I'm trying to create a program using Excel 2013 and Visual Basic. As part of that program, I'm going to have a list of TV shows in a list box. I'd like to be able to double-click on one of those and have it open to another form with a list box containing all the seasons and episodes in those season, for that show.
The best way I've found of doing that, would be to scraping Wikipedia.org. I think it'll be one of the only websites that will have this information in roughly the same format. I also plan to do this with books as well.
I originally read about scraping at this website: http://www.wiseowl.co.uk/blog/s393/scrape-website-html.htm
However, I'd never done anything with the getelementby*, so I wasn't sure how they worked. Any help there would be appreciated. After scouring the internet, the following is the best code I could piece together:
Private Sub cmdTest_Click()
'to refer to the running copy of Internet Explorer
Dim ie As InternetExplorer
'to refer to the HTML document returned
Dim html As HTMLDocument
'for iteration
Dim i As Integer
Dim j As Integer
'open Internet Explorer in memory, and go to website
Set ie = New InternetExplorer
ie.Visible = False
ie.navigate "http://en.wikipedia.org/wiki/List_of_Archer_episodes"
'ie.navigate "http://en.wikipedia.org/wiki/List_of_The_Simpsons_episodes"
'Wait until IE is done loading page
Do While ie.READYSTATE <> READYSTATE_COMPLETE
Application.StatusBar = "Trying to go to Episodes ..."
DoEvents
Loop
'show text of HTML document returned
Set html = ie.document
'close down IE and reset status bar
Set ie = Nothing
Application.StatusBar = ""
'clear old data out and put titles in
Cells.Clear
'put heading across the top of row 3
Range("A3").Value = "Season"
Range("B3").Value = "Episode"
i = 4
For Each ele In html.getElementsByClassName("summary")
Sheets("Wiki2").Range("B" & i).Value = ele.innerText
i = i + 1
Next
i = 4
For Each ele In html.getElementsByClassName("mw-headline")
Sheets("Wiki2").Range("A" & i).Value = Left(ele.innerText, 8)
i = i + 1
Next
End Sub
The first part seems to be a pretty generic way to get the source code for a given page. I have it currently set to pull the episodes from the tv show "Archer". The following code:
i = 4
For Each ele In html.getElementsByClassName("summary")
Sheets("Wiki2").Range("B" & i).Value = ele.innerText
i = i + 1
Next
i = 4
For Each ele In html.getElementsByClassName("mw-headline")

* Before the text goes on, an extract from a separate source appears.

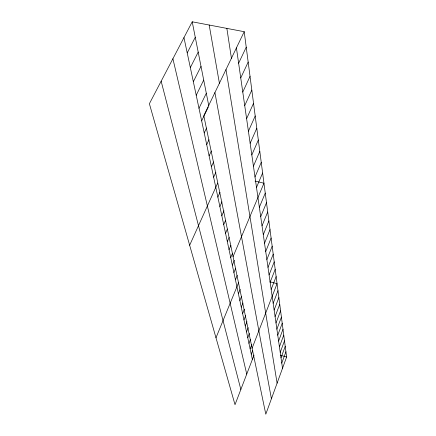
<?xml version="1.0" encoding="UTF-8"?>
<svg xmlns="http://www.w3.org/2000/svg" width="436" height="436" viewBox="0 0 436 436"><rect width="100%" height="100%" fill="white"/><g stroke="black" fill="none" stroke-linecap="round" stroke-linejoin="round"><path stroke-width="0.65" d="M244.209 31.697L286.615 357.03L265.797 414.2L203.797 115.676L244.209 31.697L192.216 21.8L149.385 103.719L235.015 404.679L254.03 355.127M281.776 363.112L285.929 351.759M281.013 357.814L285.22 346.348M280.228 352.381L284.501 340.805M279.427 346.805L283.76 335.115M277.759 335.202L282.217 323.283M278.604 341.077L282.997 329.278M276.887 329.164L281.416 317.13M275.999 322.956L280.588 310.808M275.078 316.58L279.743 304.306M274.135 310.023L278.871 297.625M251.261 354.212L252.7 350.484M273.165 303.276L277.977 290.752M250.122 348.855L251.823 344.462M252.101 348.255L277.056 283.683L269.939 281.781M248.956 343.355L250.433 339.557M271.17 289.395L276.135 276.62M270.14 282.261L275.187 269.355M247.757 337.715L249.414 333.475M246.525 331.932L248.209 327.649M269.083 274.909L274.211 261.878M267.998 267.344L273.209 254.177M245.261 325.992L246.972 321.67M266.876 259.545L272.173 246.247M243.969 319.893L245.702 315.528M242.634 313.626L244.4 309.222M241.266 307.189L242.966 302.96M265.715 251.501L271.11 238.067M264.527 243.212L270.009 229.636M239.86 300.567L241.588 296.3M238.41 293.76L240.171 289.45M263.295 234.655L268.876 220.943M215.984 337.791L238.71 282.403M262.02 225.815L267.704 211.961M260.712 216.692L266.5 202.691M235.435 279.765L237.249 275.367M233.909 272.571L235.663 268.342M259.355 207.258L265.252 193.115M233.075 256.657L263.96 183.213L255.093 181.114M232.334 265.164L234.377 260.287M230.715 257.54L232.53 253.229M256.499 187.415L262.625 172.972M229.042 249.686L230.895 245.332M227.32 241.593L229.118 237.397M254.995 176.967L261.24 162.372M253.436 166.149L259.812 151.396M225.548 233.244L227.379 229.009M223.717 224.638L225.581 220.354M251.823 154.927L258.33 140.021M221.831 215.755L224 210.811M250.15 143.291L256.793 128.228M219.88 206.582L221.995 201.808M248.411 131.214L255.196 115.992M217.864 197.105L220.022 192.281M246.607 118.668L253.539 103.288M189.655 245.261L217.706 183.049M213.629 177.185L215.875 172.258M244.732 105.626L251.823 90.089M211.4 166.699L213.596 161.936M242.781 92.061L250.03 76.365M209.095 155.848L211.335 151.036M240.748 77.94L248.171 62.081M206.708 144.605L208.991 139.738M238.628 63.225L246.231 47.202M204.228 132.947L206.56 128.031M201.655 120.854L208.245 107.152M198.99 108.302L206.315 93.26M196.216 95.261L203.71 80.066M193.333 81.701L201.007 66.354M190.336 67.596L198.195 52.097M187.213 52.903L195.268 37.256M280.392 355.231L286.615 357.03M161.156 81.21L240.846 389.49M172.907 58.74L246.743 374.11M183.959 37.6L252.373 359.438M192.216 21.8L208.817 105.964M214.91 92.585L271.415 398.777M209.187 25.032L219.422 83.341M225.995 69.547L277.1 383.168M226.862 28.395L231.5 58.751M236.421 47.878L282.517 368.284"/></g></svg>

Sheets("Wiki2").Range("A" & i).Value = Left(ele.innerText, 8)
i = i + 1
Next
is what I'm using to pull the text I'm looking for. What I need help with is combining these together. I need it to loop through and find each instance of "mw-headline" and every time if finds that, to look for the class name summary. If it finds summary, then it should display the headlines (aka Season) inner text in the cell of column A and the summary (aka episode name) in the adjacent column B cell.
These currently work independently. If you run this code, you get all the episodes of the tv show starting in cell b4 and you get a list of everything with the "mw-headline" listed in a4. The problem is that "mw-headline" is not only applied to the season, but to a couple of other things as well, hence the need to check to see if it has a "summary" class under it. This will also get rid of the instances where it says a tv show has a new season, but under it, it only says that a new season is forth coming. Without the "summary" tag, it shouldn't list it. I'd like the season to be displayed in the A column beside every episode in the B column list, so if there are 10 episodes in each season, then column A would have 10 instances of "Season 1", then 10 instances of "Season 2" and so on.
Thanks for the help and for anyone who doesn't know of stumbles on this question in the future, you need to put the following code at the top of your coding window:
Enum READYSTATE
READYSTATE_UNINITIALIZED = 0
READYSTATE_LOADING = 1
READYSTATE_LOADED = 2
READYSTATE_INTERACTIVE = 3
READYSTATE_COMPLETE = 4
End Enum
PS - In the code "For Each ele in *", is ele an undefined variable or is it a vba recognized word that stands for element? I got this from a copy and paste job and I don't understand it. Thanks.